Initialize direct edges, then run Floyd-Warshall style transitive closure:

reach[i][j] = reach[i][j] or (reach[i][k] and reach[k][j]).

After precomputation, every query is answered in O(1).

Complexity

Precompute time: O(n^3), where n = numCourses. Query time: O(1) each. Space: O(n^2).
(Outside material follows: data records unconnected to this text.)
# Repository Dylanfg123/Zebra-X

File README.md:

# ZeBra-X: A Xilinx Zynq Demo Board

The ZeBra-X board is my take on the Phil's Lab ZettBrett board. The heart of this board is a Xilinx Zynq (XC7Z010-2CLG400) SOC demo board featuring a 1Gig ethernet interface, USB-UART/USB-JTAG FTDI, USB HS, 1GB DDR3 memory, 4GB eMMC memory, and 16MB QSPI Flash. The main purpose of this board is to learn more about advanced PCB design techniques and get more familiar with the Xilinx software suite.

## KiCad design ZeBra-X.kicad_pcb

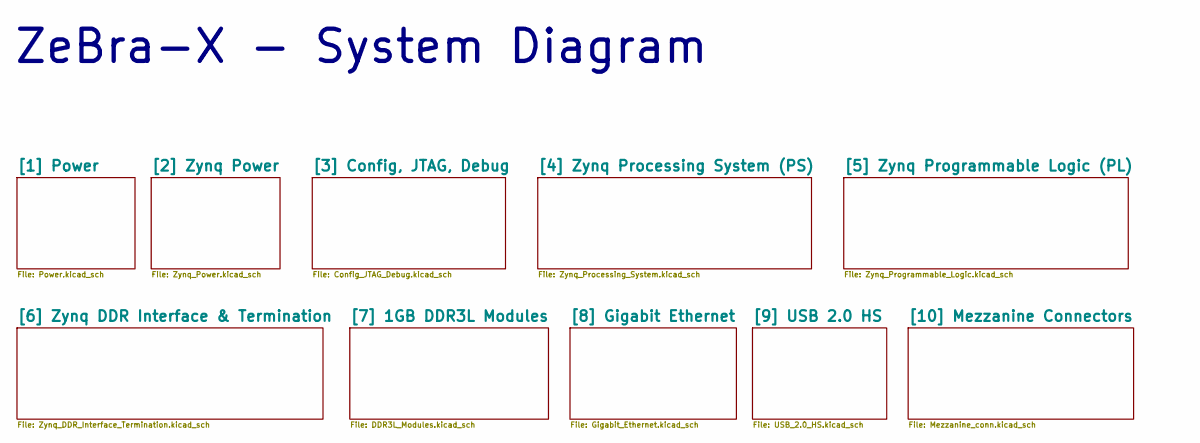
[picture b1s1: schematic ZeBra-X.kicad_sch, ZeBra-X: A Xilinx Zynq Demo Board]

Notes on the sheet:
ZeBra-X - System Diagram

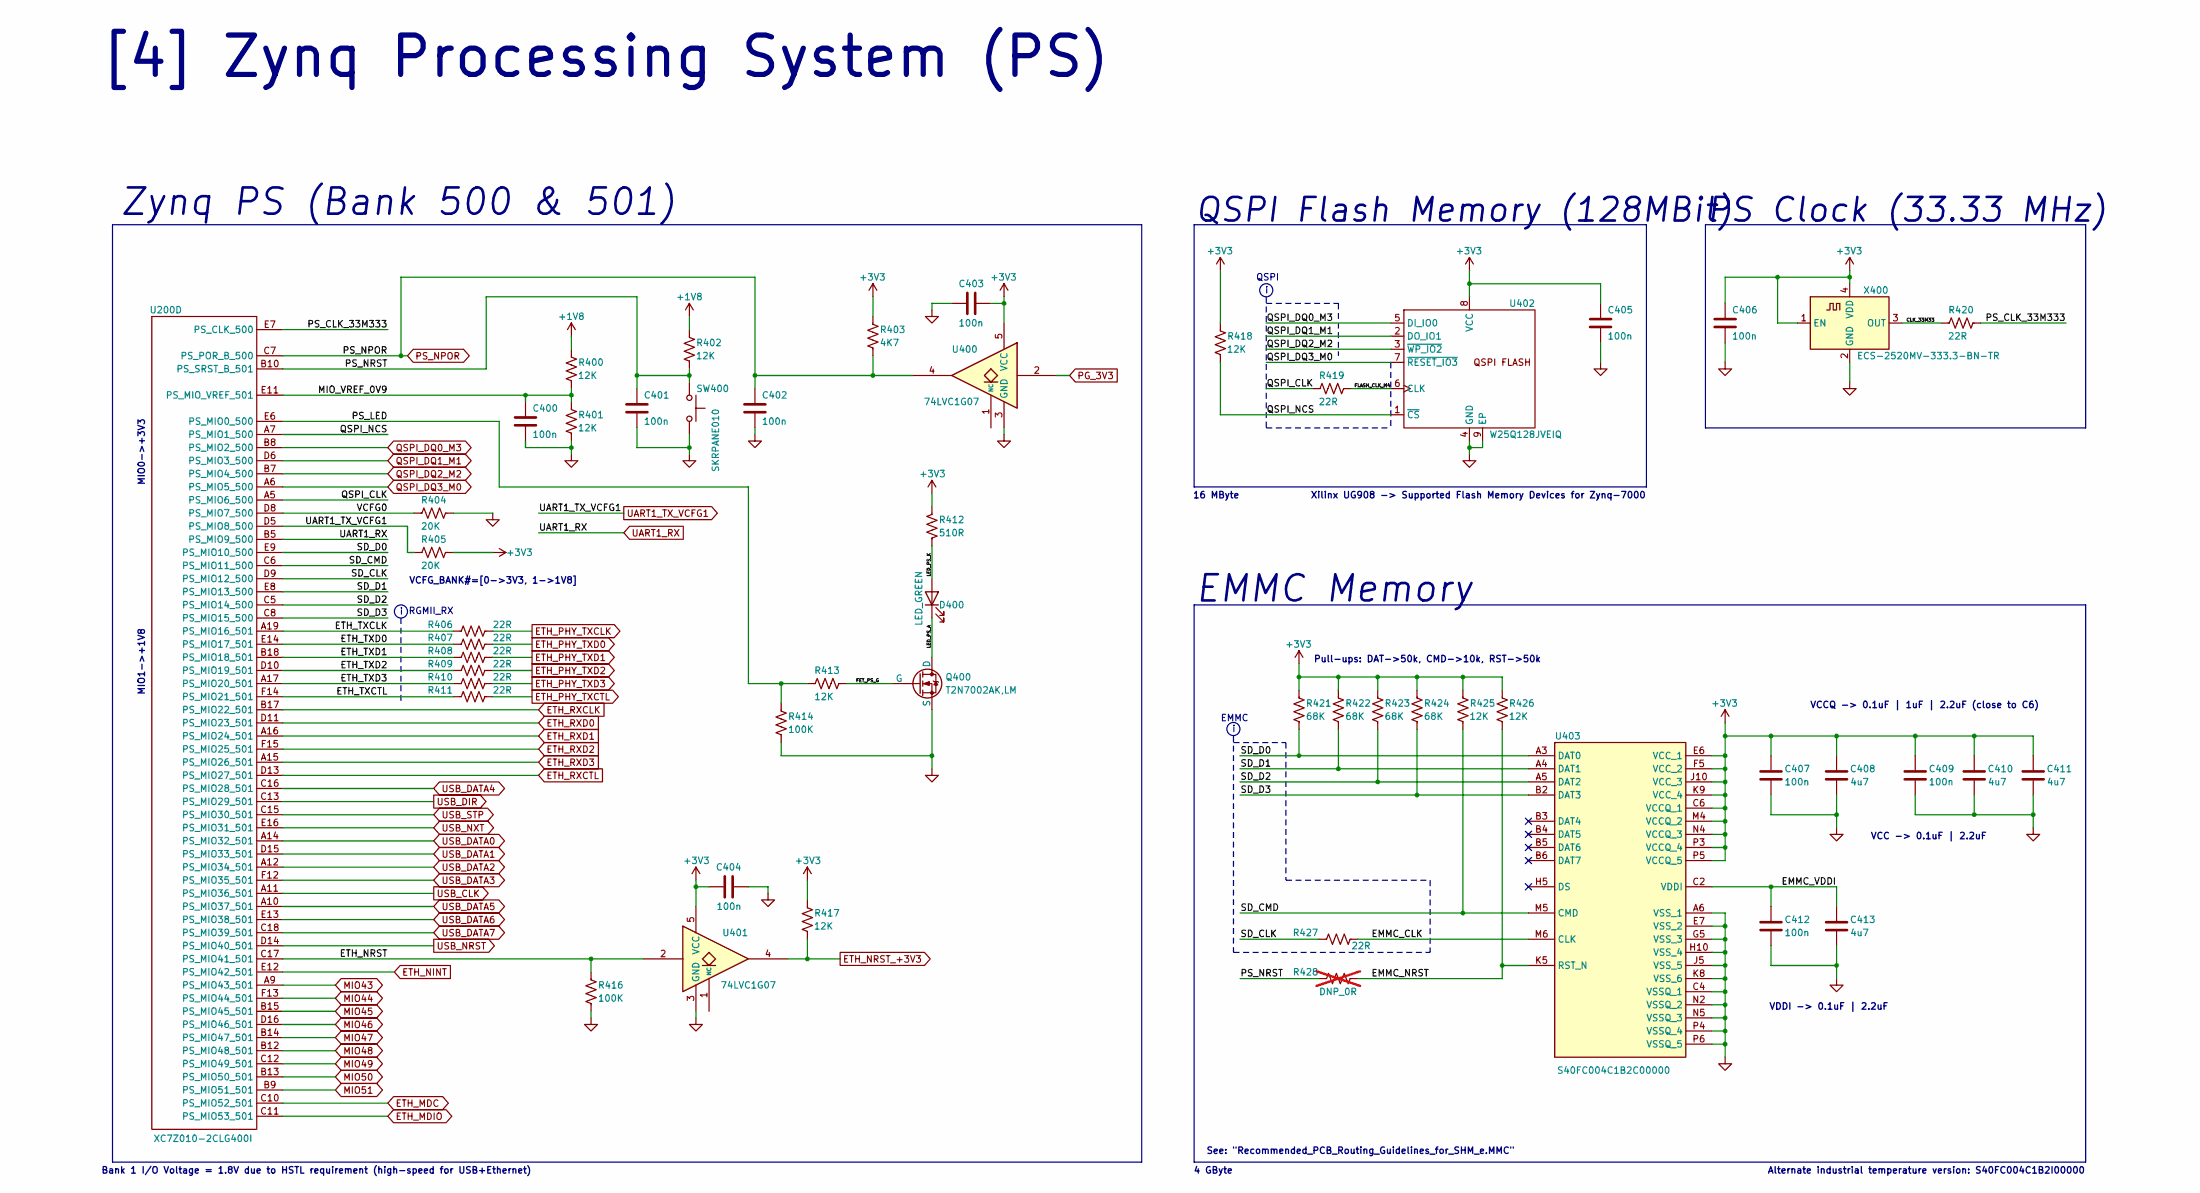
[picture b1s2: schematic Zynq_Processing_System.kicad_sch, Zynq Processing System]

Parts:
C400, C401, C402, C403, C404, C405, C406, C407, C409, C412: 100n; C_0402_1005Metric; Manufacturer PN CC0402KRX5R8BB104; LCSC PN C106256
C408, C410, C411, C413: 4u7; C_0402_1005Metric; Manufacturer PN CL05A475MP5NRNC; LCSC PN C23733
D400: LED_GREEN; LED_0402_1005Metric; Manufacturer PN SZYY0402YG; LCSC PN C434449
Q400: T2N7002AK,LM; SOT23_TOS; Manufacturer PN T2N7002AK,LM; LCSC PN C516175
R400, R401, R402, R413, R417, R418, R425, R426: 12K; R_0402_1005Metric; Manufacturer PN RTT021202FTH; LCSC PN C102781
R403: 4K7; R_0402_1005Metric; Manufacturer PN RC0402FR-074K7L; LCSC PN C105871
R404, R405: 20K; R_0402_1005Metric; Manufacturer PN RC0402FR-0720KL; LCSC PN C93942
R406, R407, R408, R409, R410, R411, R419, R420, R427: 22R; R_0402_1005Metric; Manufacturer PN RC0402FR-0722RL; LCSC PN C114765
R412: 510R; R_0402_1005Metric; Manufacturer PN RC0402FR-07510RL; LCSC PN C276273
R414, R416: 100K; R_0402_1005Metric; Manufacturer PN RC0402FR-07100KL; LCSC PN C60491
R421, R422, R423, R424: 68K; R_0402_1005Metric; Manufacturer PN RC0402FR-0768KL; LCSC PN C137947
R428: DNP_0R; R_0402_1005Metric; not fitted
SW400: SKRPANE010; SW_Push_1P1T_NO_Vertical_Wuerth_434133025816; Manufacturer PN SKRPANE010; LCSC PN C470426
U200: XC7Z010-2CLG400I; CLG400_XIL; Manufacturer PN XC7Z010-2CLG400I; LCSC PN C2840993
U400, U401: 74LVC1G07; SOT-23-5; Manufacturer PN SN74LVC1G07DBVT; LCSC PN C2867373
U402: W25Q128JVEIQ; WSON-8-1EP_8x6mm_P1.27mm_EP3.4x4.3mm; Manufacturer PN W25Q128JVEIQ
U403: S40FC004C1B2C00000; BGA153C50P14X14_900X750X80; Manufacturer PN S40FC004C1B2C00000
X400: ECS-2520MV-333.3-BN-TR; Oscillator_SMD_ECS_2520MV-xxx-xx-4Pin_2.5x2.0mm; Manufacturer PN ECS-2520MV-333.3-BN-TR

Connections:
+1V8: R400.2, R402.2; also elsewhere on the board
+3V3: C403.1, C404.1, C405.1, C406.1, C407.1, C408.2, C409.1, C410.2, C411.2, R403.1, R405.1, R412.2, R417.2, R418.2, R421.1, R422.1, R423.1, R424.1, R425.2, R426.2, U400.5 (VCC), U401.5 (VCC), U402.8 (VCC), U403.C6 (VCCQ_1), U403.E6 (VCC_1), U403.F5 (VCC_2), U403.J10 (VCC_3), U403.K9 (VCC_4), U403.M4 (VCCQ_2), U403.N4 (VCCQ_3), U403.P3 (VCCQ_4), U403.P5 (VCCQ_5), X400.1 (EN), X400.4 (VDD); also elsewhere on the board
/[4] Zynq Processing System (PS)/CLK_33M33: R420.1, X400.3 (OUT)
/[4] Zynq Processing System (PS)/EMMC_CLK: R427.2, U403.M6 (CLK)
/[4] Zynq Processing System (PS)/EMMC_NRST: R426.1, R428.1, U403.K5 (RST_N)
/[4] Zynq Processing System (PS)/EMMC_VDDI: C412.1, C413.2, U403.C2 (VDDI)
/[4] Zynq Processing System (PS)/ETH_NRST: R416.1, U200.C17 (PS_MIO41_501), U401.2
/[4] Zynq Processing System (PS)/ETH_TXCLK: R406.1, U200.A19 (PS_MIO16_501)
/[4] Zynq Processing System (PS)/ETH_TXCTL: R411.1, U200.F14 (PS_MIO21_501)
/[4] Zynq Processing System (PS)/ETH_TXD0: R407.1, U200.E14 (PS_MIO17_501)
/[4] Zynq Processing System (PS)/ETH_TXD1: R408.1, U200.B18 (PS_MIO18_501)
/[4] Zynq Processing System (PS)/ETH_TXD2: R409.1, U200.D10 (PS_MIO19_501)
/[4] Zynq Processing System (PS)/ETH_TXD3: R410.1, U200.A17 (PS_MIO20_501)
/[4] Zynq Processing System (PS)/FET_PS_G: Q400.1 (G), R413.1
/[4] Zynq Processing System (PS)/FLASH_CLK_M4: R419.2, U402.6 (CLK)
/[4] Zynq Processing System (PS)/LED_PS_A: D400.1 (K), Q400.3 (D)
/[4] Zynq Processing System (PS)/LED_PS_K: D400.2 (A), R412.1
/[4] Zynq Processing System (PS)/MIO_VREF_0V9: C400.1, R400.1, R401.2, U200.E11 (PS_MIO_VREF_501)
/[4] Zynq Processing System (PS)/PS_CLK_33M333: R420.2, U200.E7 (PS_CLK_500)
/[4] Zynq Processing System (PS)/PS_LED: R413.2, R414.1, U200.E6 (PS_MIO0_500)
/[4] Zynq Processing System (PS)/PS_NRST: C401.1, R402.1, R428.2, SW400.1, U200.B10 (PS_SRST_B_501)
/[4] Zynq Processing System (PS)/QSPI_CLK: R419.1, U200.A5 (PS_MIO6_500)
/[4] Zynq Processing System (PS)/QSPI_NCS: R418.1, U200.A7 (PS_MIO1_500), U402.1 (~CS)
/[4] Zynq Processing System (PS)/SD_CLK: R427.1, U200.D9 (PS_MIO12_500)
/[4] Zynq Processing System (PS)/SD_CMD: R425.1, U200.C6 (PS_MIO11_500), U403.M5 (CMD)
/[4] Zynq Processing System (PS)/SD_D0: R421.2, U200.E9 (PS_MIO10_500), U403.A3 (DAT0)
/[4] Zynq Processing System (PS)/SD_D1: R422.2, U200.E8 (PS_MIO13_500), U403.A4 (DAT1)
/[4] Zynq Processing System (PS)/SD_D2: R423.2, U200.C5 (PS_MIO14_500), U403.A5 (DAT2)
/[4] Zynq Processing System (PS)/SD_D3: R424.2, U200.C8 (PS_MIO15_500), U403.B2 (DAT3)
/[4] Zynq Processing System (PS)/VCFG0: R404.2, U200.D8 (PS_MIO7_500)
ETH_MDC: U200.C10 (PS_MIO52_501); also elsewhere on the board
ETH_MDIO: U200.C11 (PS_MIO53_501); also elsewhere on the board
ETH_NINT: U200.E12 (PS_MIO42_501); also elsewhere on the board
ETH_NRST_+3V3: R417.1, U401.4; also elsewhere on the board
ETH_PHY_TXCLK: R406.2; also elsewhere on the board
ETH_PHY_TXCTL: R411.2; also elsewhere on the board
ETH_PHY_TXD0: R407.2; also elsewhere on the board
ETH_PHY_TXD1: R408.2; also elsewhere on the board
ETH_PHY_TXD2: R409.2; also elsewhere on the board
ETH_PHY_TXD3: R410.2; also elsewhere on the board
ETH_RXCLK: U200.B17 (PS_MIO22_501); also elsewhere on the board
ETH_RXCTL: U200.D13 (PS_MIO27_501); also elsewhere on the board
ETH_RXD0: U200.D11 (PS_MIO23_501); also elsewhere on the board
ETH_RXD1: U200.A16 (PS_MIO24_501); also elsewhere on the board
ETH_RXD2: U200.F15 (PS_MIO25_501); also elsewhere on the board
ETH_RXD3: U200.A15 (PS_MIO26_501); also elsewhere on the board
GND: C400.2, C401.2, C402.2, C403.2, C404.2, C405.2, C406.2, C407.2, C408.1, C409.2, C410.1, C411.1, C412.2, C413.1, Q400.2 (S), R401.1, R404.1, R414.2, R416.2, SW400.2, U400.3 (GND), U401.3 (GND), U402.4 (GND), U402.9 (EP), U403.A6 (VSS_1), U403.C4 (VSSQ_1), U403.E7 (VSS_2), U403.G5 (VSS_3), U403.H10 (VSS_4), U403.J5 (VSS_5), U403.K8 (VSS_6), U403.N2 (VSSQ_2), U403.N5 (VSSQ_3), U403.P4 (VSSQ_4), U403.P6 (VSSQ_5), X400.2 (GND); also elsewhere on the board
MIO43: U200.A9 (PS_MIO43_501)
MIO44: U200.F13 (PS_MIO44_501)
MIO45: U200.B15 (PS_MIO45_501)
MIO46: U200.D16 (PS_MIO46_501)
MIO47: U200.B14 (PS_MIO47_501)
MIO48: U200.B12 (PS_MIO48_501)
MIO49: U200.C12 (PS_MIO49_501); also elsewhere on the board
MIO50: U200.B13 (PS_MIO50_501); also elsewhere on the board
MIO51: U200.B9 (PS_MIO51_501); also elsewhere on the board
PG_3V3: U400.2; also elsewhere on the board
PS_NPOR: C402.1, R403.2, U200.C7 (PS_POR_B_500), U400.4; also elsewhere on the board
QSPI_DQ0_M3: U200.B8 (PS_MIO2_500), U402.5 (DI_IO0); also elsewhere on the board
QSPI_DQ1_M1: U200.D6 (PS_MIO3_500), U402.2 (DO_IO1); also elsewhere on the board
QSPI_DQ2_M2: U200.B7 (PS_MIO4_500), U402.3 (~WP_IO2); also elsewhere on the board
QSPI_DQ3_M0: U200.A6 (PS_MIO5_500), U402.7 (~RESET_IO3); also elsewhere on the board
UART1_RX: U200.B5 (PS_MIO9_500); also elsewhere on the board
UART1_TX_VCFG1: R405.2, U200.D5 (PS_MIO8_500); also elsewhere on the board
USB_CLK: U200.A11 (PS_MIO36_501); also elsewhere on the board
USB_DATA0: U200.A14 (PS_MIO32_501); also elsewhere on the board
USB_DATA1: U200.D15 (PS_MIO33_501); also elsewhere on the board
USB_DATA2: U200.A12 (PS_MIO34_501); also elsewhere on the board
USB_DATA3: U200.F12 (PS_MIO35_501); also elsewhere on the board
USB_DATA4: U200.C16 (PS_MIO28_501); also elsewhere on the board
USB_DATA5: U200.A10 (PS_MIO37_501); also elsewhere on the board
USB_DATA6: U200.E13 (PS_MIO38_501); also elsewhere on the board
USB_DATA7: U200.C18 (PS_MIO39_501); also elsewhere on the board
USB_DIR: U200.C13 (PS_MIO29_501); also elsewhere on the board
USB_NRST: U200.D14 (PS_MIO40_501); also elsewhere on the board
USB_NXT: U200.E16 (PS_MIO31_501); also elsewhere on the board
USB_STP: U200.C15 (PS_MIO30_501); also elsewhere on the board

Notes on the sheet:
VCFG_BANK#=[0->3V3, 1->1V8]
16 MByte
See: "Recommended_PCB_Routing_Guidelines_for_SHM_e.MMC"
EMMC Memory
MIO1->+1V8
Xilinx UG908 -> Supported Flash Memory Devices for Zynq-7000
VDDI -> 0.1uF | 2.2uF
VCC -> 0.1uF | 2.2uF
Zynq PS (Bank 500 & 501)
RGMII_RX
QSPI
Alternate industrial temperature version: S40FC004C1B2I00000
Pull-ups: DAT->50k, CMD->10k, RST->50k
VCCQ -> 0.1uF | 1uF | 2.2uF (close to C6)
Bank 1 I/O Voltage = 1.8V due to HSTL requirement (high-speed for USB+Ethernet)
EMMC
4 GByte
QSPI Flash Memory (128MBit)
[4] Zynq Processing System (PS)
PS Clock (33.33 MHz)
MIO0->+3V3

Reference Implementations (Java / Go / C++ / Python / JavaScript)

class Solution {
    public List<Boolean> checkIfPrerequisite(int numCourses, int[][] prerequisites, int[][] queries) {
        boolean[][] reach = new boolean[numCourses][numCourses];

        for (int[] e : prerequisites) reach[e[0]][e[1]] = true;

        for (int k = 0; k < numCourses; k++) {
            for (int i = 0; i < numCourses; i++) {
                if (!reach[i][k]) continue;
                for (int j = 0; j < numCourses; j++) {
                    reach[i][j] = reach[i][j] || (reach[i][k] && reach[k][j]);
                }
            }
        }

        List<Boolean> ans = new ArrayList<>();
        for (int[] q : queries) ans.add(reach[q[0]][q[1]]);
        return ans;
    }
}
func checkIfPrerequisite(numCourses int, prerequisites [][]int, queries [][]int) []bool {
	reach := make([][]bool, numCourses)
	for i := range reach {
		reach[i] = make([]bool, numCourses)
	}

	for _, e := range prerequisites {
		reach[e[0]][e[1]] = true
	}

	for k := 0; k < numCourses; k++ {
		for i := 0; i < numCourses; i++ {
			if !reach[i][k] {
				continue
			}
			for j := 0; j < numCourses; j++ {
				reach[i][j] = reach[i][j] || (reach[i][k] && reach[k][j])
			}
		}
	}

	ans := make([]bool, len(queries))
	for i, q := range queries {
		ans[i] = reach[q[0]][q[1]]
	}
	return ans
}
class Solution {
public:
    vector<bool> checkIfPrerequisite(int numCourses, vector<vector<int>>& prerequisites, vector<vector<int>>& queries) {
        vector<vector<bool>> reach(numCourses, vector<bool>(numCourses, false));

        for (auto &e : prerequisites) reach[e[0]][e[1]] = true;

        for (int k = 0; k < numCourses; ++k) {
            for (int i = 0; i < numCourses; ++i) {
                if (!reach[i][k]) continue;
                for (int j = 0; j < numCourses; ++j) {
                    reach[i][j] = reach[i][j] || (reach[i][k] && reach[k][j]);
                }
            }
        }

        vector<bool> ans;
        ans.reserve(queries.size());
        for (auto &q : queries) ans.push_back(reach[q[0]][q[1]]);
        return ans;
    }
};
from typing import List

class Solution:
    def checkIfPrerequisite(self, numCourses: int, prerequisites: List[List[int]], queries: List[List[int]]) -> List[bool]:
        reach = [[False] * numCourses for _ in range(numCourses)]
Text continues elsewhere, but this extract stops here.